Die Welt ist wirklich schlecht.


----------



## Anonymous (24 April 2005)

Es ist die Original CD...
Und wenn man mir hier unterbreitet dass da mindestens 500€ dabei rausspringen und ich dann 400 dafür verlange....
Aber mein Gott, um sich doch noch einigermaßen auf dem Pfade der Tugend zu bewegen werde ich den Sofortkaufen Preis rausmachen und schauen wie es sich entwickelt.

Im Hinblick darauf, dass mir beim Kauf des Notebooks die Software nicht viel wertvoller vorkam als das neue Album der Flippers, sind solche Fehltritte hoffentlich zu verzeihen....


----------



## Anonymous (24 April 2005)

ausserdem gibt es nicht nur Leute die so etwas zu diesem Preis anbieten, es gibt auch Leute die so etwas zu diesem Preis kaufen:
http://cgi.ebay.de/ws/eBayISAPI.dll?ViewItem&category=36802&item=7507235896&rd=1


----------



## lorenz2512 (24 April 2005)

Hallo,
da gebe ich Dir Recht jeder ist seines Glückes Schmied. Normalerweise erlöst eine Kostellation wie Du sie veräußerst so um 50€-150€, das ganze wird ja meist auch von Privat gekauft, wenn Du Mehrwertsteuer ausweisen könntest und die Sachen an Firmen verkaufst wäre der Preis um vieles höher.
mfg
dietmar


----------



## Gerhard Bäurle (26 April 2005)

lorenz2512 schrieb:
			
		

> ...  wenn Du Mehrwertsteuer ausweisen könntest und die Sachen an Firmen verkaufst wäre der Preis um vieles höher.



Hallo,

das glaube ich nicht. Das Problem ist nicht die Mehrwertsteuer, 
sondern dass es keine rechtmäßige Lizenz ist. Eine einigermaßen 
seriöse Firma wird das so nicht kaufen.

Wenn ich für die Firma was über ebay kaufe, und mir ein 
Artikel z.

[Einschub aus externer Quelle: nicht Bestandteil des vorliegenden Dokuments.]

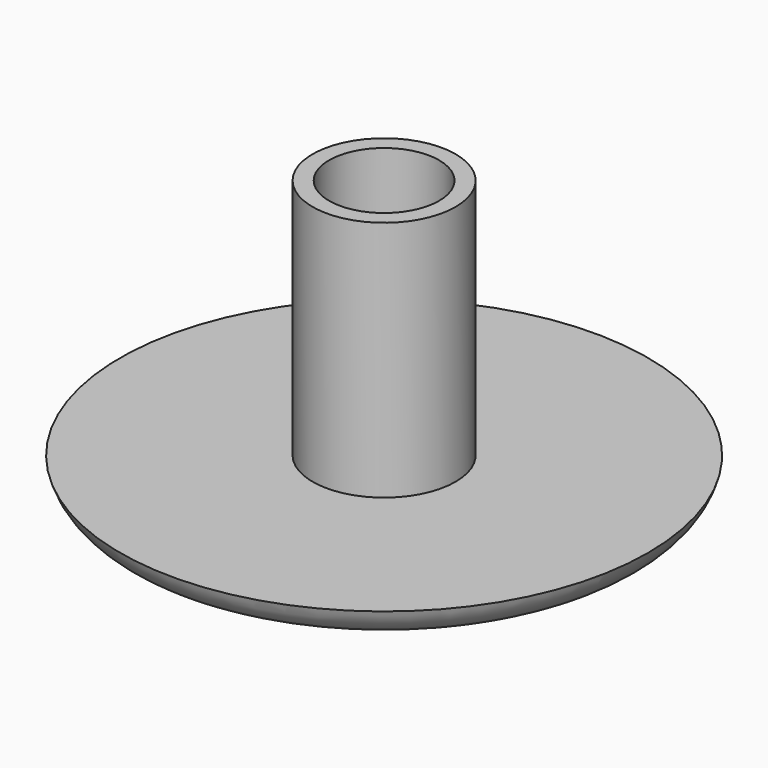
from build123d import *

# Parameters (mm, degrees)
F0_R     = 24
F0_R_2   = 6.5
F1_DEPTH = 3
F0_R_3   = 5
F2_DEPTH = 25
F3_R     = 7


# Not quite as in the source:
# - a fillet or chamfer that OpenCascade refuses, or shapes differently, is made with other operations: its cross-section is extruded or revolved along the edge and cut away or added


with BuildPart() as f1:
    # F0 (on Top) → F1 (new body)
    with BuildSketch(Plane.XY):
        Circle(F0_R)
        Circle(F0_R_2, mode=Mode.SUBTRACT)
    extrude(amount=F1_DEPTH)

    # F0 (on Top) → F2 (join)
    with BuildSketch(Plane.XY):
        Circle(F0_R_2)
        Circle(F0_R_3, mode=Mode.SUBTRACT)
    extrude(amount=F2_DEPTH)

    # F3
    f3_edges = [f1.edges().sort_by_distance(p)[0] for p in [
        (-5, 0, 0),
    ]]
    fillet(f3_edges, radius=F3_R)

    # F4: fillet of radius 4.104163056 on 1 edges, made by hand

    # F4_s1 → F4_t2 (revolve, cut)
    with BuildSketch(Plane.XZ):
        with BuildLine():
            ThreePointArc((20.0471556651, 0), (22.5283337288, 0.8349261716), (24, 3))
            Line((24, 3), (24, 0))
            Line((24, 0), (20.0471556651, 0))
        make_face()
    revolve(axis=Axis((0, 0, 0), (0, 0, 1)), mode=Mode.SUBTRACT)


solid = f1.part
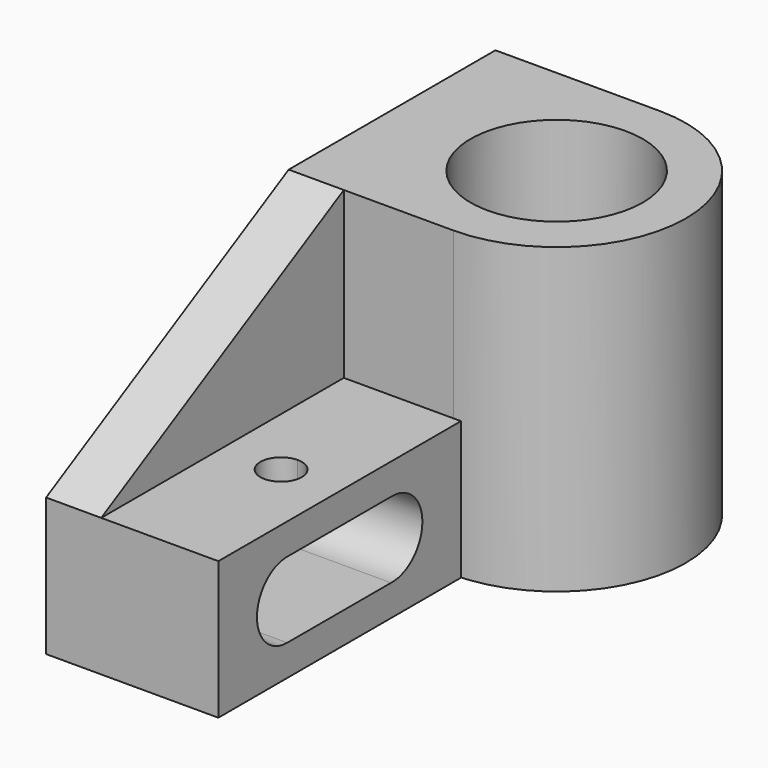
from build123d import *

# Parameters (mm, degrees)
F0_R     = 25
F1_DEPTH = 88
F2_W     = 88
F2_H     = 40
F3_DEPTH = 50
F5_DEPTH = 16
F7_DEPTH = 9.008194986


with BuildPart() as f1:
    # F0 (on Top) → F1 (new body)
    with BuildSketch(Plane.XY):
        with BuildLine():
            Line((0, 75), (0, 0))
            Line((0, 0), (47.7671325207, 0))
            ThreePointArc((47.7671325207, 0), (85.2671325207, 37.5), (47.7671325207, 75))
            Line((47.7671325207, 75), (0, 75))
        make_face()
        with Locations((47.7671325207, 37.5)):
            Circle(F0_R, mode=Mode.SUBTRACT)
    extrude(amount=F1_DEPTH)

    # F2 (on Right) → F3 (join)
    with BuildSketch(Plane.YZ):
        with Locations((-44, 20)):
            Rectangle(F2_W, F2_H)
        with BuildLine():
            ThreePointArc((-63.4935666774, 30.9889213272), (-63.0031659942, 30.9999995444), (-62.5127590152, 30.989203621))
            Line((-62.5127590152, 30.989203621), (-25.0031659942, 30.9999995444))
            ThreePointArc((-25.0031659942, 30.9999995444), (-14.0013797727, 19.8257786016), (-25.3515634815, 9.0056194755))
            Line((-25.3515634815, 9.0056194755), (-62.9983580838, 9.0000001225))
            ThreePointArc((-62.9983580838, 9.0000001225), (-62.9991790419, 9.0000000306), (-63, 9))
            ThreePointArc((-63, 9), (-73.997229983, 19.7531545007), (-63.4935666774, 30.9889213272))
        make_face(mode=Mode.SUBTRACT)
    extrude(amount=F3_DEPTH)

    # F4 (on Right) → F5 (join)
    with BuildSketch(Plane.YZ):
        Polygon((-88, 40), (0, 40), (0, 88), align=None)
    extrude(amount=F5_DEPTH)

    # F6 (on face) → F7 (cut, through all)
    with BuildSketch(Plane.XY.offset(40)):
        with BuildLine():
            ThreePointArc((39, -44), (37.2426406871, -39.7573593129), (33, -38))
            ThreePointArc((33, -38), (28.7573593129, -48.2426406871), (39, -44))
        make_face()
    extrude(amount=-F7_DEPTH, mode=Mode.SUBTRACT)


solid = f1.part
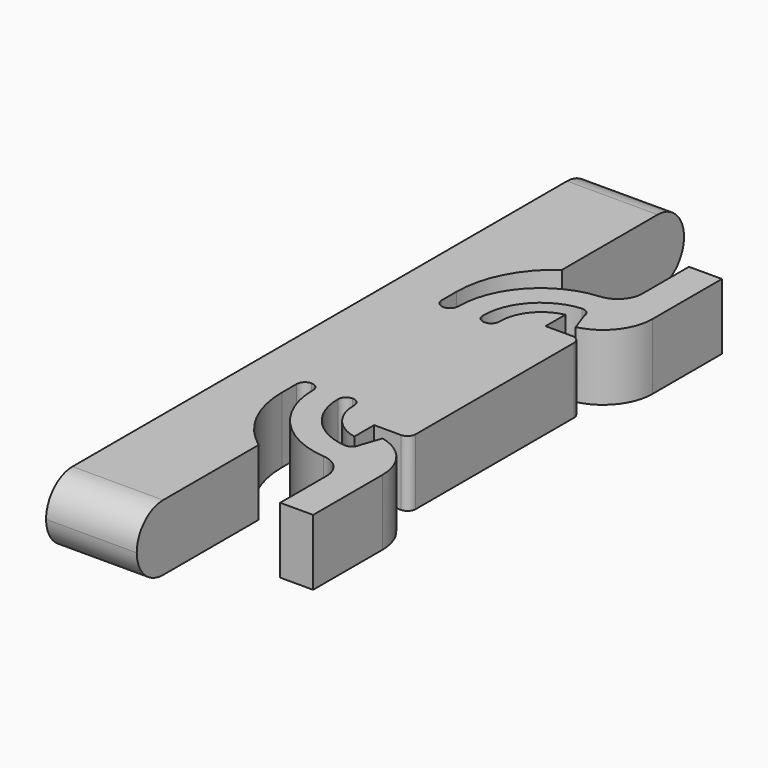
from build123d import *

# Parameters (mm, degrees)
F0_W          = 4
F0_H          = 8
F0_H_2        = 2
F0_W_2        = 5.5
F0_H_3        = 3.5
F0_W_3        = 4.25
F0_H_4        = 26
F1_DEPTH      = 8
F2_R          = 3.99999
F3_T1_DEPTH   = 37.8956518578
F4_T1_DEPTH   = 21.1532650868
F5_T1_DEPTH   = 21.1532650868
F6_R          = 1.75
F7_DEPTH      = 10
F8_T1_DEPTH   = 32.4948974279
F9_R          = 7
F10_R         = 10
F11_T1_DEPTH  = 8
F12_R         = 3
F13_T1_DEPTH  = 8
F13_T3_DEPTH  = 8
F13_T5_DEPTH  = 8
F13_T7_DEPTH  = 8
F13_T9_DEPTH  = 8
F13_T11_DEPTH = 8
F13_T13_DEPTH = 8
F13_T15_DEPTH = 8
F13_T17_DEPTH = 8
F13_T19_DEPTH = 8
F13_T21_DEPTH = 13
F13_T23_DEPTH = 13


# Not quite as in the source:
# - a fillet or chamfer that OpenCascade refuses, or shapes differently, is made with other operations: its cross-section is extruded or revolved along the edge and cut away or added
# - two fillets or chamfers of one size are made in one step
# - a fillet or chamfer is up to 0.001 mm smaller than in the source, because OpenCascade refuses the exact size


with BuildPart() as f1:
    # F0 (on Top) → F1 (new body)
    with BuildSketch(Plane.XY):
        Polygon((0, 83), (0, 0), (11, 0), (11, 10), (11, 18.5), (6, 18.5), (6, 31.5), (8, 31.5), (11, 31.5), (13, 31.5), (13, 25.5), (17, 25.5), (17, 28.5), (17, 54.5), (17, 57.5), (13, 57.5), (13, 51.5), (11, 51.5), (8, 51.5), (6, 51.5), (6, 64.5), (11, 64.5), (11, 73), (11, 83), align=None)
        with Locations((22, 68.5)):
            Rectangle(F0_W, F0_H)
        with Locations((22, 63.5)):
            Rectangle(F0_W, F0_H_2)
        with Locations((21.25, 57.75)):
            Rectangle(F0_W_2, F0_H_3)
        with Locations((21.25, 25.25)):
            Rectangle(F0_W_2, F0_H_3)
        with Locations((22, 19.5)):
            Rectangle(F0_W, F0_H_2)
        with Locations((22, 14.5)):
            Rectangle(F0_W, F0_H)
        Polygon((11, 23.5), (11, 20.5), (20, 20.5), (24, 20.5), (24, 23.5), (18.5, 23.5), (17, 23.5), align=None)
        Polygon((8, 20.5), (11, 20.5), (11, 23.5), (11, 25.5), (11, 31.5), (8, 31.5), align=None)
        Polygon((11, 59.5), (11, 62.5), (8, 62.5), (8, 51.5), (11, 51.5), (11, 57.5), align=None)
        Polygon((20, 62.5), (11, 62.5), (11, 59.5), (17, 59.5), (18.5, 59.5), (24, 59.5), (24, 62.5), align=None)
        with Locations((19.125, 41.5)):
            Rectangle(F0_W_3, F0_H_4)
    extrude(amount=F1_DEPTH)

    # F2 (radius 4 in the source; OpenCascade refuses exactly that, so slightly less here)
    f2_edges = [f1.edges().sort_by_distance(p)[0] for p in [
        (5.5, 83, 8),
        (5.5, 0, 8),
        (5.5, 0, 0),
        (5.5, 83, 0),
    ]]
    fillet(f2_edges, radius=F2_R)

    # F3: fillet of radius 6 on 2 edges, made by hand

    # F3_s2 → F3_t1 (cut)
    with BuildSketch(Plane.XY.offset(-14.9478259289)):
        with BuildLine():
            ThreePointArc((24, 61.9791303716), (22.4158804332, 57.9171111692), (18.5, 56))
            Line((18.5, 56), (24, 56))
            Line((24, 56), (24, 61.9791303716))
        make_face()
        with BuildLine():
            ThreePointArc((24, 21.0208696284), (22.4158804332, 25.0828888308), (18.5, 27))
            Line((18.5, 27), (24, 27))
            Line((24, 27), (24, 21.0208696284))
        make_face()
    extrude(amount=F3_T1_DEPTH, mode=Mode.SUBTRACT)

    # F4: chamfer of 0.5 x 2.5 on 1 edges, made by hand

    # F4_s2 → F4_t1 (cut)
    with BuildSketch(Plane.XY.offset(-6.5766325434)):
        with BuildLine():
            Line((19.379363756, 56.0377654524), (18.466798813, 58.6304434947))
            Line((18.466798813, 58.6304434947), (18.416798813, 58.6304434947))
            ThreePointArc((18.416798813, 58.6304434947), (18.45, 57.3152217474), (18.45, 56))
            Line((18.45, 56), (18.5041666667, 55.9501739136))
            ThreePointArc((18.5041666667, 55.9501739136), (18.9421943049, 56.0029468158), (19.3905817774, 55.9890401407))
            Line((19.3905817774, 55.9890401407), (19.379363756, 56.0377654524))
        make_face()
    extrude(amount=F4_T1_DEPTH, mode=Mode.SUBTRACT)

    # F5: chamfer of 0.5 x 2.5 on 1 edges, made by hand

    # F5_s2 → F5_t1 (cut)
    with BuildSketch(Plane.XY.offset(-6.5766325434)):
        with BuildLine():
            Line((18.466798813, 24.3695565053), (19.379363756, 26.9622345476))
            Line((19.379363756, 26.9622345476), (19.3905817774, 27.0109598593))
            ThreePointArc((19.3905817774, 27.0109598593), (18.9421943049, 26.9970531842), (18.5041666667, 27.0498260864))
            Line((18.5041666667, 27.0498260864), (18.45, 27))
            ThreePointArc((18.45, 27), (18.45, 25.6847782526), (18.416798813, 24.3695565053))
            Line((18.416798813, 24.3695565053), (18.466798813, 24.3695565053))
        make_face()
    extrude(amount=F5_T1_DEPTH, mode=Mode.SUBTRACT)

    # F6 (on face) → F7 (cut)
    with BuildSketch(Plane(origin=(0, 0, 0), x_dir=(0, -1, 0), z_dir=(-1, 0, 0))):
        with Locations((-79, 4)):
            Circle(F6_R)
        with Locations((-4, 4)):
            Circle(F6_R)
    extrude(amount=-F7_DEPTH, mode=Mode.SUBTRACT)

    # F8: fillet of radius 5 on 2 edges, made by hand

    # F8_s2 → F8_t1 (cut)
    with BuildSketch(Plane.XY.offset(-12.2474487139)):
        with BuildLine():
            ThreePointArc((13, 52.6010205144), (14.1270166538, 55.7632981746), (17, 57.5))
            Line((17, 57.5), (13, 57.5))
            Line((13, 57.5), (13, 52.6010205144))
        make_face()
        with BuildLine():
            ThreePointArc((17, 25.5), (14.1270166538, 27.2367018254), (13, 30.3989794856))
            Line((13, 30.3989794856), (13, 25.5))
            Line((13, 25.5), (17, 25.5))
        make_face()
    extrude(amount=F8_T1_DEPTH, mode=Mode.SUBTRACT)

    # F9
    f9_edges = [f1.edges().sort_by_distance(p)[0] for p in [
        (11, 59.5, 4),
        (11, 23.5, 4),
    ]]
    fillet(f9_edges, radius=F9_R)

    # F10
    f10_edges = [f1.edges().sort_by_distance(p)[0] for p in [
        (8, 62.5, 4),
        (8, 20.5, 4),
    ]]
    fillet(f10_edges, radius=F10_R)

    # F11: fillet of radius 12 on 2 edges, made by hand

    # F11_s2 → F11_t1 (join)
    with BuildSketch(Plane.XY):
        with BuildLine():
            ThreePointArc((6, 54.7532056552), (7.322921748, 60.2304312302), (11, 64.5))
            Line((11, 64.5), (6, 64.5))
            Line((6, 64.5), (6, 54.7532056552))
        make_face()
        with BuildLine():
            ThreePointArc((11, 18.5), (7.322921748, 22.7695687698), (6, 28.2467943448))
            Line((6, 28.2467943448), (6, 18.5))
            Line((6, 18.5), (11, 18.5))
        make_face()
    extrude(amount=F11_T1_DEPTH)

    # F12
    f12_edges = [f1.edges().sort_by_distance(p)[0] for p in [
        (20, 62.5, 4),
        (20, 20.5, 4),
    ]]
    fillet(f12_edges, radius=F12_R)

    # F13: fillet of radius 1 on 12 edges, made by hand

    # F13_s2 → F13_t1 (join)
    with BuildSketch(Plane.XY):
        with BuildLine():
            ThreePointArc((8, 52.5), (7.7071067812, 51.7928932188), (7, 51.5))
            Line((7, 51.5), (8, 51.5))
            Line((8, 51.5), (8, 52.5))
        make_face()
    extrude(amount=F13_T1_DEPTH)

    # F13_s4 → F13_t3 (join)
    with BuildSketch(Plane.XY):
        with BuildLine():
            ThreePointArc((7, 51.5), (6.2928932188, 51.7928932188), (6, 52.5))
            Line((6, 52.5), (6, 51.5))
            Line((6, 51.5), (7, 51.5))
        make_face()
    extrude(amount=F13_T3_DEPTH)

    # F13_s6 → F13_t5 (join)
    with BuildSketch(Plane.XY):
        with BuildLine():
            ThreePointArc((18.5, 58.536115974), (18.1575199019, 59.2341109303), (17.4185535189, 59.4758096297))
            Line((17.4185535189, 59.4758096297), (17.4102471406, 59.575464053))
            ThreePointArc((17.4102471406, 59.575464053), (18, 59.6), (18.5, 59.6))
            Line((18.5, 59.6), (18.6, 59.5))
            ThreePointArc((18.6, 59.5), (18.6, 59.018057987), (18.5998382698, 58.5418010318))
            Line((18.5998382698, 58.5418010318), (18.5, 58.536115974))
        make_face()
    extrude(amount=F13_T5_DEPTH)

    # F13_s8 → F13_t7 (join)
    with BuildSketch(Plane.XY):
        with BuildLine():
            ThreePointArc((11, 52.5), (11.2928932188, 51.7928932188), (12, 51.5))
            Line((12, 51.5), (11, 51.5))
            Line((11, 51.5), (11, 52.5))
        make_face()
    extrude(amount=F13_T7_DEPTH)

    # F13_s10 → F13_t9 (join)
    with BuildSketch(Plane.XY):
        with BuildLine():
            ThreePointArc((13, 52.5), (12.7071067812, 51.7928932188), (12, 51.5))
            Line((12, 51.5), (13, 51.5))
            Line((13, 51.5), (13, 52.5))
        make_face()
    extrude(amount=F13_T9_DEPTH)

    # F13_s12 → F13_t11 (join)
    with BuildSketch(Plane.XY):
        with BuildLine():
            ThreePointArc((7, 31.5), (6.2928932188, 31.2071067812), (6, 30.5))
            Line((6, 30.5), (6, 31.5))
            Line((6, 31.5), (7, 31.5))
        make_face()
    extrude(amount=F13_T11_DEPTH)

    # F13_s14 → F13_t13 (join)
    with BuildSketch(Plane.XY):
        with BuildLine():
            ThreePointArc((7, 31.5), (7.7071067812, 31.2071067812), (8, 30.5))
            Line((8, 30.5), (8, 31.5))
            Line((8, 31.5), (7, 31.5))
        make_face()
    extrude(amount=F13_T13_DEPTH)

    # F13_s16 → F13_t15 (join)
    with BuildSketch(Plane.XY):
        with BuildLine():
            ThreePointArc((13, 30.5), (12.7071067812, 31.2071067812), (12, 31.5))
            Line((12, 31.5), (13, 31.5))
            Line((13, 31.5), (13, 30.5))
        make_face()
    extrude(amount=F13_T15_DEPTH)

    # F13_s18 → F13_t17 (join)
    with BuildSketch(Plane.XY):
        with BuildLine():
            ThreePointArc((11, 30.5), (11.2928932188, 31.2071067812), (12, 31.5))
            Line((12, 31.5), (11, 31.5))
            Line((11, 31.5), (11, 30.5))
        make_face()
    extrude(amount=F13_T17_DEPTH)

    # F13_s20 → F13_t19 (join)
    with BuildSketch(Plane.XY):
        with BuildLine():
            ThreePointArc((17.4185535189, 23.5241903703), (18.1575199019, 23.7658890697), (18.5, 24.463884026))
            Line((18.5, 24.463884026), (18.5998382698, 24.4581989682))
            ThreePointArc((18.5998382698, 24.4581989682), (18.6, 23.981942013), (18.6, 23.5))
            Line((18.6, 23.5), (18.5, 23.4))
            ThreePointArc((18.5, 23.4), (18, 23.4), (17.4102471406, 23.424535947))
            Line((17.4102471406, 23.424535947), (17.4185535189, 23.5241903703))
        make_face()
    extrude(amount=F13_T19_DEPTH)

    # F13_s22 → F13_t21 (cut)
    with BuildSketch(Plane.XY.offset(-2.5)):
        with BuildLine():
            ThreePointArc((20.25, 54.5), (20.9571067812, 54.2071067812), (21.25, 53.5))
            Line((21.25, 53.5), (21.25, 54.5))
            Line((21.25, 54.5), (20.25, 54.5))
        make_face()
    extrude(amount=F13_T21_DEPTH, mode=Mode.SUBTRACT)

    # F13_s24 → F13_t23 (cut)
    with BuildSketch(Plane.XY.offset(-2.5)):
        with BuildLine():
            ThreePointArc((21.25, 29.5), (20.9571067812, 28.7928932188), (20.25, 28.5))
            Line((20.25, 28.5), (21.25, 28.5))
            Line((21.25, 28.5), (21.25, 29.5))
        make_face()
    extrude(amount=F13_T23_DEPTH, mode=Mode.SUBTRACT)


solid = f1.part

B. 100 EUR wert ist, dann biete ich beim Privaten 
halt bis 100 EUR, und beim Gewerblichen (der Umsatzsteuer 
ausweist) kann ich dann bis 116 EUR gehen, ohne effektiv 
mehr zu zahlen. Oder umgekehrt: Wenn ich eine Privatbeleg
einbuche, dann kann ich keine Vorsteuer geltend machen.




			
				Anonymous schrieb:
			
		

> ausserdem gibt es nicht nur Leute die so etwas zu diesem Preis anbieten, es gibt auch Leute die so etwas zu diesem Preis kaufen:
> http://cgi.ebay.de/ws/eBayISAPI.dll?ViewItem&category=36802&item=7507235896&rd=1



Nur weil es andere so machen, heißt das noch lange nicht, 
dass es korrekt ist. Wie sagt man immer: "Jeden Tag steht ein 
Dummer auf, man muss ihn nur finden."

Im Zweifelsfalle steht der Staatsanwalt bei dem vor der Tür, 
der die nichtrechtmäßige Lizenz im Einsatz hat und nicht bei 
dem der sie verkauft hat.

Viele Grüße

Gerhard Bäurle

PS: Was hat eigentlich ihr Verkäufer bezüglich der CoL geantwortet?


----------



## Anonymous (26 April 2005)

er meint er findet sie nicht mehr......
eher unwahrscheinlich vermute ich


----------